7. "Hyena Hymns" - “He talks shit about Argentina nonstop, says stuff like ‘I would understand if my kids left,’‘They can go if they want, they have passports.’” “Eighty percent of Argentines will say the same thing, and then the minute they hear a zamba they’ll start bawling.” p I love stories that explore the meaning of "home" and the various attitudes we hold about a place we need so much.

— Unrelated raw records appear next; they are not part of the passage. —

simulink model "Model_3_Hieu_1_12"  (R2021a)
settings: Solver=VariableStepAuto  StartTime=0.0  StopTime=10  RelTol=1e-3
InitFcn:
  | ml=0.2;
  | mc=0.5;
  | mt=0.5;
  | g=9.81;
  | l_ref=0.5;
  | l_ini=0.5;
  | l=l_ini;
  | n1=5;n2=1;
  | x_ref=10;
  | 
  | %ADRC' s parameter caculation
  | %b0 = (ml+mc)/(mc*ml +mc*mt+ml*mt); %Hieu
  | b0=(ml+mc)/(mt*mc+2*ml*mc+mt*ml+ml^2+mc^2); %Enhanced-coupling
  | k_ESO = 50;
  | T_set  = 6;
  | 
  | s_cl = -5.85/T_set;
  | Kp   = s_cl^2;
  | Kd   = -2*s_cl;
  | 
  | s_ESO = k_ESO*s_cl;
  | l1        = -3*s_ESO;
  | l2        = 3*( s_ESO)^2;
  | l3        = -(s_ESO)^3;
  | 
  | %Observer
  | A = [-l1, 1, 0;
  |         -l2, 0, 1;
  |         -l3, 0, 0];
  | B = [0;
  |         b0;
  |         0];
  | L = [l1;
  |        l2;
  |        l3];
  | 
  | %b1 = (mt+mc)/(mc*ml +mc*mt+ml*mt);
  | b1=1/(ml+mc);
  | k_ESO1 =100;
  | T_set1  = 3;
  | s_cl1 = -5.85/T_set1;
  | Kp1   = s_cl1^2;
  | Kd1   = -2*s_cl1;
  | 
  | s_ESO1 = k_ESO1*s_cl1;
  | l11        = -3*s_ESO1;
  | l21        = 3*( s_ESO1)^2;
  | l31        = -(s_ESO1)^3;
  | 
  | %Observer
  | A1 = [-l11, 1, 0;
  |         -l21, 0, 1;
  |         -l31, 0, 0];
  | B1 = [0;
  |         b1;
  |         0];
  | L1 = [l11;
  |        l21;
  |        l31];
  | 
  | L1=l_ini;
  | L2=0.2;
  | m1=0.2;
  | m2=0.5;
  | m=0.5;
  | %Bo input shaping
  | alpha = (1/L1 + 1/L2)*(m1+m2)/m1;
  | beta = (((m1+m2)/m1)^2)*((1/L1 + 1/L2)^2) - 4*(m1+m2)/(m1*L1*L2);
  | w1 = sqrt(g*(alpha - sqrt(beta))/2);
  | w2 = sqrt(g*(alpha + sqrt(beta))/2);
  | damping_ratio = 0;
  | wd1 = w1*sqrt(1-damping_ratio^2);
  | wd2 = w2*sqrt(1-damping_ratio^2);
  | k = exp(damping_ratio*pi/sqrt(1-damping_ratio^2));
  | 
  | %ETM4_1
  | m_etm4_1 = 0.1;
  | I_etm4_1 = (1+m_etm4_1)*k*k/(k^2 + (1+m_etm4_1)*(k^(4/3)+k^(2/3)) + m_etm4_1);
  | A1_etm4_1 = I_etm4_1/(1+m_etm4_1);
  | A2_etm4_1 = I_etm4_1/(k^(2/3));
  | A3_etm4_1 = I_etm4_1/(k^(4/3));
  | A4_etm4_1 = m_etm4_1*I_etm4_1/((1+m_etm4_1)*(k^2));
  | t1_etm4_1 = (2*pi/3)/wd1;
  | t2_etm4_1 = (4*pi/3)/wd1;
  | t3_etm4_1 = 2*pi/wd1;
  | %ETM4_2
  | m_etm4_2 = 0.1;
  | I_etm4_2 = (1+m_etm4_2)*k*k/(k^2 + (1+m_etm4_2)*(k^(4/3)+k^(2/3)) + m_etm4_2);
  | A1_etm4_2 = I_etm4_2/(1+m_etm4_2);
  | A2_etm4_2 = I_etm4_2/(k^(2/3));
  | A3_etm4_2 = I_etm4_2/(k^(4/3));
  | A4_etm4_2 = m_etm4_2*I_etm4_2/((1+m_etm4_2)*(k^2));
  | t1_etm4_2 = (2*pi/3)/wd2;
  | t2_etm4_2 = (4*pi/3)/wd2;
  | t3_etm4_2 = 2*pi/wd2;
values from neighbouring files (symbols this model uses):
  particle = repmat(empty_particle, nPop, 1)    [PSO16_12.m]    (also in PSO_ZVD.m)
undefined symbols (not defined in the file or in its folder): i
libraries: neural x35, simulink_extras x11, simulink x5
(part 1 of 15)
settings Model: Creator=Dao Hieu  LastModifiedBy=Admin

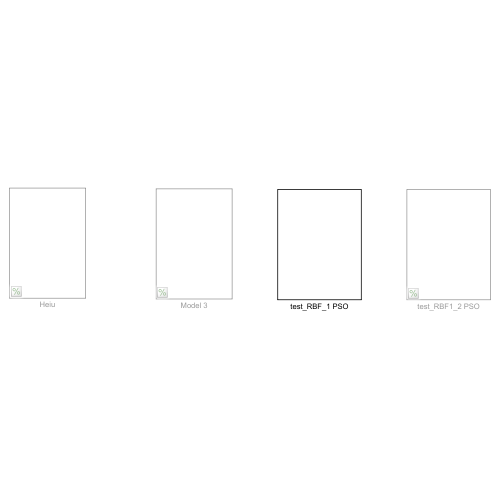
[thumbnail: Simulink's stored preview of the top-level diagram]
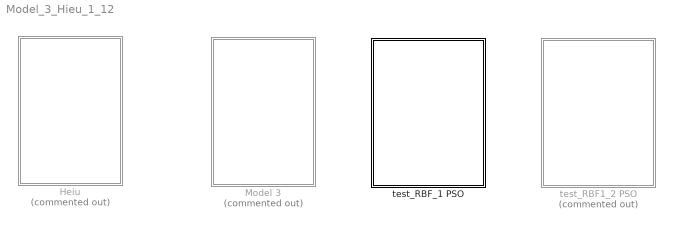
== system Model_3_Hieu_1_12 ==
  Heiu : Subsystem  Commented=on
  Model 3 : Subsystem  Commented=on
  test_RBF1_2 PSO : Subsystem  Commented=on
  test_RBF_1 PSO : Subsystem

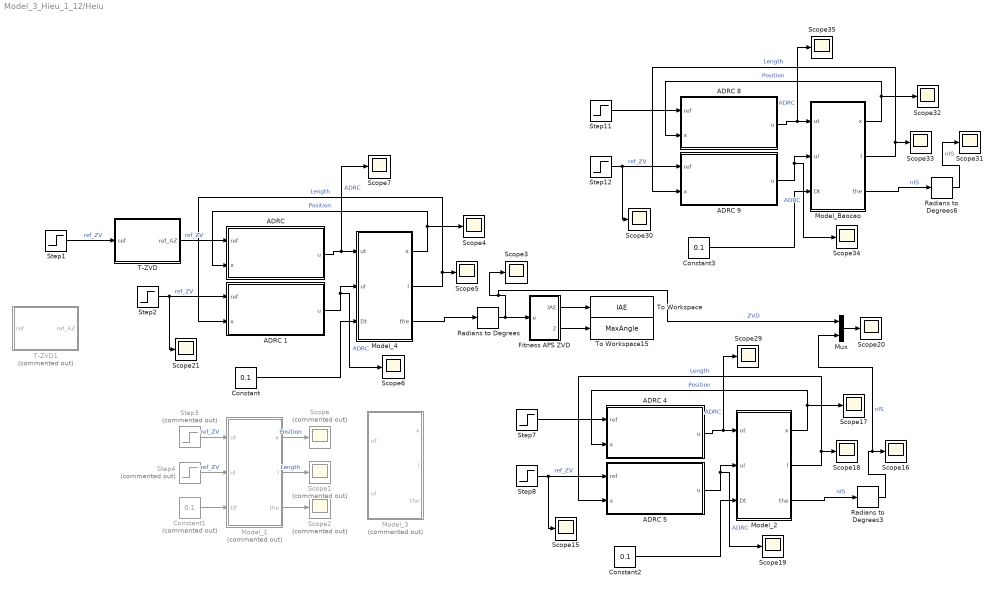
== system Model_3_Hieu_1_12/Heiu ==
  "ADRC " : Subsystem
  ADRC 1 : Subsystem
  ADRC 4 : Subsystem
  ADRC 5 : Subsystem
  ADRC 8 : Subsystem
  ADRC 9 : Subsystem
  Constant : Constant  Value=0.1
  Constant1 : Constant  Commented=on  Value=0.1
  Constant2 : Constant  Value=0.1
  Constant3 : Constant  Value=0.1
  Fitness APS ZVD : Subsystem
  Model_1 : Subsystem  Commented=on
  Model_2 : Subsystem
  Model_3 : Subsystem  Commented=on
  Model_4 : Subsystem
  Model_Baocao : Subsystem
  Mux : Mux  Inputs=2
  Radians to Degrees : simulink_extras/Transformations/Radians to Degrees
  Radians to Degrees3 : simulink_extras/Transformations/Radians to Degrees
  Radians to Degrees6 : simulink_extras/Transformations/Radians to Degrees
  Scope : Scope  Commented=on
  Scope1 : Scope  Commented=on
  Scope{3..7,15..21,29..35} (19 alike) : Scope
  Scope2 : Scope  Commented=on
  Step1 : Step  SampleTime=0
  Step11 : Step  SampleTime=0
  Step12 : Step  Before=l_ini  After=l_ref  SampleTime=0
  Step2 : Step  Before=l_ini  After=l_ref  SampleTime=0
  Step3 : Step  Commented=on  SampleTime=0
  Step4 : Step  Commented=on  Before=l  After=l  SampleTime=0
  Step7 : Step  SampleTime=0
  Step8 : Step  Before=l_ini  After=l_ref  SampleTime=0
  T-ZVD : Subsystem
  T-ZVD1 : Subsystem  Commented=on
  To Workspace : ToWorkspace  VariableName=IAE  SampleTime=-1
  To Workspace15 : ToWorkspace  VariableName=MaxAngle  SampleTime=-1
  wires:
  Model_4/1(x) -> Scope4/1, "ADRC "/2(x)  "Position"
  Model_4/3(the) -> Radians to Degrees/1
  Step12/1 -> Scope30/1, ADRC 9/1(ref)  "ref_ZV"
  "ADRC "/1(u) -> Scope7/1, Model_4/1(ut)  "ADRC"
  Model_Baocao/2(l) -> Scope33/1, ADRC 9/2(x)  "Length"
  Mux/1 -> Scope20/1
  Radians to Degrees6/1 -> Scope31/1  "nIS"
  Model_2/1(x) -> ADRC 4/2(x), Scope17/1  "Position"
  Fitness APS ZVD/1(IAE) -> To Workspace/1
  Step8/1 -> ADRC 5/1(ref), Scope15/1  "ref_ZV"
  Fitness APS ZVD/2(MAx) -> To Workspace15/1
  ADRC 1/1(u) -> Scope6/1, Model_4/2(ul)  "ADRC"
  Step11/1 -> ADRC 8/1(ref)
  Radians to Degrees/1 -> Mux/1, Scope3/1, Fitness APS ZVD/1(e)  "ZVD"
  Constant3/1 -> Model_Baocao/3(Dt)
  Step4/1 -> Model_1/2(ul)  "ref_ZV"
  Step2/1 -> Scope21/1, ADRC 1/1(ref)  "ref_ZV"
  Model_1/1(x) -> Scope/1  "Position"
  ADRC 5/1(u) -> Scope19/1, Model_2/2(ul)  "ADRC"
  Model_2/3(the) -> Radians to Degrees3/1  "nIS"
  Model_1/3(the) -> Scope2/1
  ADRC 8/1(u) -> Scope35/1, Model_Baocao/1(ut)  "ADRC"
  Constant/1 -> Model_4/3(Dt)
  Step1/1 -> T-ZVD/1(ref)  "ref_ZV"
  Step3/1 -> Model_1/1(ut)  "ref_ZV"
  ADRC 4/1(u) -> Scope29/1, Model_2/1(ut)  "ADRC"
  Radians to Degrees3/1 -> Mux/2, Scope16/1  "nIS"
  T-ZVD/1(ref_AZ) -> "ADRC "/1(ref)  "ref_ZV"
  Model_2/2(l) -> ADRC 5/2(x), Scope18/1  "Length"
  ADRC 9/1(u) -> Scope34/1, Model_Baocao/2(ul)  "ADRC"
  Constant2/1 -> Model_2/3(Dt)
  Model_Baocao/1(x) -> Scope32/1, ADRC 8/2(x)  "Position"
  Model_Baocao/3(the) -> Radians to Degrees6/1  "nIS"
  Constant1/1 -> Model_1/3(Dt)
  Step7/1 -> ADRC 4/1(ref)
  Model_1/2(l) -> Scope1/1  "Length"
  Model_4/2(l) -> Scope5/1, ADRC 1/2(x)  "Length"

== system Model_3_Hieu_1_12/Model 3 ==
  ADRC 10 : Subsystem
  ADRC 11 : Subsystem
  ADRC 6 : Subsystem
  ADRC 7 : Subsystem
  ETM2 : Subsystem
  Mux1 : Mux  Inputs=2
  Mux2 : Mux  Inputs=2
  Radians to Degrees{4..5,7..8} (4 alike) : simulink_extras/Transformations/Radians to Degrees
  Scope{22..28,36..43} (15 alike) : Scope
  Step10 : Step  Before=l_ini  After=l_ref  SampleTime=0
  Step13 : Step  Before=l_ini  After=l_ref  SampleTime=0
  Step14 : Step  SampleTime=0
  Step9 : Step  SampleTime=0
  Theta1 : Scope
  Theta2 : Scope
  enhanced : Subsystem
  enhanced1 : Subsystem
  wires:
  Radians to Degrees4/1 -> Mux1/1, Scope28/1  "ET4"
  enhanced1/1(x) -> Scope22/1, ADRC 6/2(x)  "Position"
  enhanced1/3(the1) -> Radians to Degrees4/1
  ADRC 6/1(u) -> Scope25/1, enhanced1/1(Fx)  "ADRC"
  Radians to Degrees7/1 -> Mux1/2, Scope42/1  "nIS"
  Step13/1 -> Scope41/1, ADRC 11/1(ref)  "ref_ZV"
  enhanced/2(l) -> Scope37/1, ADRC 11/2(x)  "Length"
  Radians to Degrees5/1 -> Mux2/1, Scope26/1  "ET4"
  ADRC 11/1(u) -> enhanced/2(Fl), Scope38/1  "ADRC"
  ADRC 7/1(u) -> Scope24/1, enhanced1/2(Fl)  "ADRC"
  ETM2/1(ref_ETM4) -> Scope43/1, ADRC 6/1(ref)  "ref_ZV"
  enhanced/1(x) -> Scope36/1, ADRC 10/2(x)  "Position"
  Step9/1 -> ETM2/1(ref_ETm4)  "ref_ZV"
  Mux1/1 -> Theta1/1
  enhanced1/2(l) -> Scope23/1, ADRC 7/2(x)  "Length"
  Step14/1 -> ADRC 10/1(ref)  "ref_ZV"
  Mux2/1 -> Theta2/1
  enhanced1/4(the2) -> Radians to Degrees5/1
  enhanced/3(the1) -> Radians to Degrees7/1
  Step10/1 -> Scope27/1, ADRC 7/1(ref)  "ref_ZV"
  ADRC 10/1(u) -> enhanced/1(Fx), Scope39/1  "ADRC"
  Radians to Degrees8/1 -> Mux2/2, Scope40/1  "nIS"
  enhanced/4(the2) -> Radians to Degrees8/1

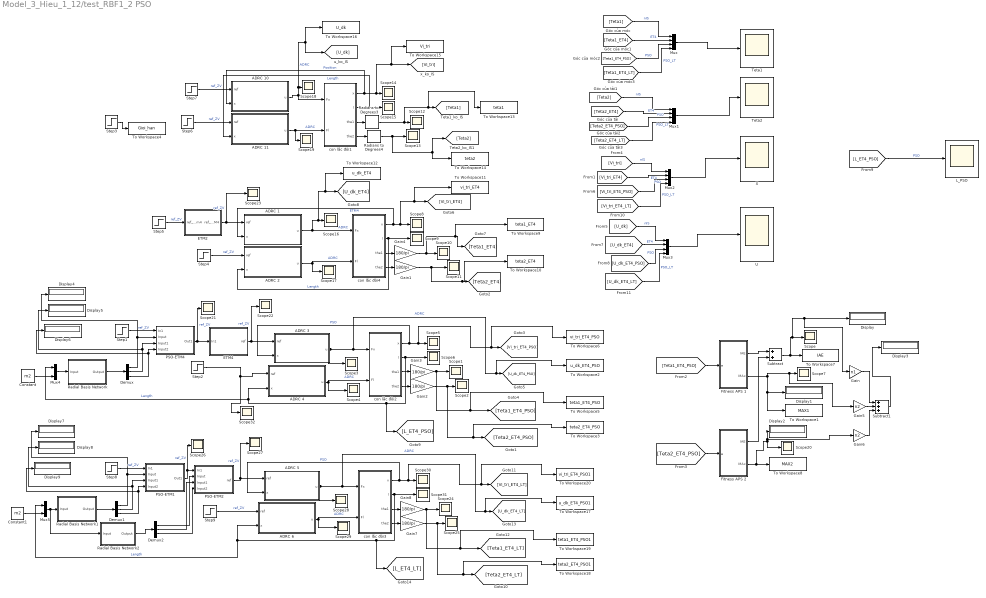
== system Model_3_Hieu_1_12/test_RBF1_2 PSO ==
  ADRC 1 : Subsystem
  ADRC 10 : Subsystem
  ADRC 11 : Subsystem
  ADRC 2 : Subsystem
  ADRC 3 : Subsystem
  ADRC 4 : Subsystem
  ADRC 5 : Subsystem
  ADRC 6 : Subsystem
  Constant : Constant  Value=m2
  Constant1 : Constant  Value=m2
  Demux : Demux  Outputs=3
  Demux1 : Demux  Outputs=3
  Demux2 : Demux  Outputs=3
  Display{,1..9} (10 alike) : Display
  ETM2 : Subsystem
  ETM4 : Subsystem
  Fitness APS 1 : Subsystem
  Fitness APS 2 : Subsystem
  Gain : Gain  Gain=n1
  Gain{1..4,7..8} (6 alike) : Gain  Gain=180/pi
  Gain5 : Gain  Gain=n2
  Gain6 : Gain  Gain=n2
  L_PSO : Scope
  Mux{,1..3} (4 alike) : Mux
  Mux4 : Mux  Inputs=2
  Mux5 : Mux  Inputs=2
  PSO-ETM1 : Subsystem
  PSO-ETM2 : Subsystem
  PSO-ETM4 : Subsystem
  Radial Basis Network : Subsystem
      mask help: Radial Basis Network
      mask Display: e = 0.06;c1 = [120 150 230]/255;c2 = ([120 150 230]+0)/383;c3 = ([120 150 230]+128)/383;patch([0 1 1 0],[0 0 1 1],c1);patch([0 1 1 1-e 1-e 0+e],[0 0 1 1-e 0+e 0+e],c2);patch([0 0 1 1-e 0+e 0+e],[0 1 1 1-e 1-e 0+e],c3);plot([0 1 1 0 0],[0 0 1 1 0]);fprintf('NNET');port_label('input',1,' Input');port_label('output',1,'Output ');
  Radial Basis Network1 : Subsystem
      mask help: Radial Basis Network
      mask Display: e = 0.06;c1 = [120 150 230]/255;c2 = ([120 150 230]+0)/383;c3 = ([120 150 230]+128)/383;patch([0 1 1 0],[0 0 1 1],c1);patch([0 1 1 1-e 1-e 0+e],[0 0 1 1-e 0+e 0+e],c2);patch([0 0 1 1-e 0+e 0+e],[0 1 1 1-e 1-e 0+e],c3);plot([0 1 1 0 0],[0 0 1 1 0]);fprintf('NNET');port_label('input',1,' Input');port_label('output',1,'Output ');
  Radial Basis Network2 : Subsystem
      mask help: Radial Basis Network
      mask Display: e = 0.06;c1 = [120 150 230]/255;c2 = ([120 150 230]+0)/383;c3 = ([120 150 230]+128)/383;patch([0 1 1 0],[0 0 1 1],c1);patch([0 1 1 1-e 1-e 0+e],[0 0 1 1-e 0+e 0+e],c2);patch([0 0 1 1-e 0+e 0+e],[0 1 1 1-e 1-e 0+e],c3);plot([0 1 1 0 0],[0 0 1 1 0]);fprintf('NNET');port_label('input',1,' Input');port_label('output',1,'Output ');
  Radians to Degrees3 : simulink_extras/Transformations/Radians to Degrees
  Radians to Degrees4 : simulink_extras/Transformations/Radians to Degrees
  Scope{,1..32} (33 alike) : Scope
  Step{1,5,7..8} (4 alike) : Step  Time=0  After=x_ref  SampleTime=0
  Step{2,4,6,9} (4 alike) : Step  Time=0  Before=l_ini  After=l_ref  SampleTime=0
  Step3 : Step  Time=0  After=10  SampleTime=0
  Subtract : Sum
  Subtract1 : Sum  Inputs=+++
  Teta1 : Scope
  Teta2 : Scope
  To Workspace1 : ToWorkspace  VariableName=MAX1  SaveFormat=Timeseries  SampleTime=-1
  To Workspace10 : ToWorkspace  VariableName=teta2_ET4  SaveFormat=Timeseries  SampleTime=-1
  To Workspace11 : ToWorkspace  VariableName=vi_tri_ET4  SaveFormat=Timeseries  SampleTime=-1
  To Workspace12 : ToWorkspace  VariableName=u_dk_ET4  SaveFormat=Timeseries  SampleTime=-1
  To Workspace13 : ToWorkspace  VariableName=teta1  SaveFormat=Timeseries  SampleTime=-1
  To Workspace14 : ToWorkspace  VariableName=teta2  SaveFormat=Timeseries  SampleTime=-1
  To Workspace15 : ToWorkspace  VariableName=Vi_tri  SaveFormat=Timeseries  SampleTime=-1
  To Workspace16 : ToWorkspace  VariableName=U_dk  SaveFormat=Timeseries  SampleTime=-1
  To Workspace17 : ToWorkspace  VariableName=u_dk_ET4_PSO1  SaveFormat=Timeseries  SampleTime=-1
  To Workspace18 : ToWorkspace  VariableName=teta2_ET4_PSO1  SaveFormat=Timeseries  SampleTime=-1
  To Workspace19 : ToWorkspace  VariableName=teta1_ET4_PSO1  SaveFormat=Timeseries  SampleTime=-1
  To Workspace2 : ToWorkspace  VariableName=u_dk_ET4_PSO  SaveFormat=Timeseries  SampleTime=-1
  To Workspace20 : ToWorkspace  VariableName=vi_tri_ET4_PSO1  SaveFormat=Timeseries  SampleTime=-1
  To Workspace3 : ToWorkspace  VariableName=teta2_ET4_PSO  SaveFormat=Timeseries  SampleTime=-1
  To Workspace4 : ToWorkspace  VariableName=Gioi_han  SaveFormat=Timeseries  SampleTime=-1
  To Workspace5 : ToWorkspace  VariableName=teta1_ET4_PSO  SaveFormat=Timeseries  SampleTime=-1
  To Workspace6 : ToWorkspace  VariableName=vi_tri_ET4_PSO  SaveFormat=Timeseries  SampleTime=-1
  To Workspace7 : ToWorkspace  VariableName=IAE  SaveFormat=Timeseries  SampleTime=-1
  To Workspace8 : ToWorkspace  VariableName=MAX2  SaveFormat=Timeseries  SampleTime=-1
  To Workspace9 : ToWorkspace  VariableName=teta1_ET4  SaveFormat=Timeseries  SampleTime=-1
  U : Scope
  X : Scope
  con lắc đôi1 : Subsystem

8. "Different Colors Made of Tears" - I know I can’t say this in public and I certainly shouldn’t feel it, and I know old people have plenty of problems, solitude and meager pensions and cruel children and getting sick and losing their minds, but I just don’t like them— I don’t like old people. I don’t know what I’ll do when I’m old myself: I hope I die before I get there. It’s a strange feeling: I get the sense that they’re faking. That the aches and pains, the plodding steps, the constant chatter about illnesses and doctors, the smell of their skin, the false or decayed teeth, the same anecdotes told and retold— it’s all an act put on to irritate. p109 I thought I knew what this story was going to do with such blatant ageism on part of the narrator, but I was wrong. I'm not sure at all why it's there.
9. "A Suffering Woman" - A story about sickness, our fear of sickness, and how we are affected emotionally by others' sickness.
10. "The Refrigerator Cemetery" - This is definitely my favorite story in the collection. It's heartbreaking though, and once ago, there's a touch of illness.
11. "A Local Artist" - Some fascinating art content in this one. Enriquez is excellent with description!
12. "Black Eyes" - Just a really excellent twist on the classic vamp.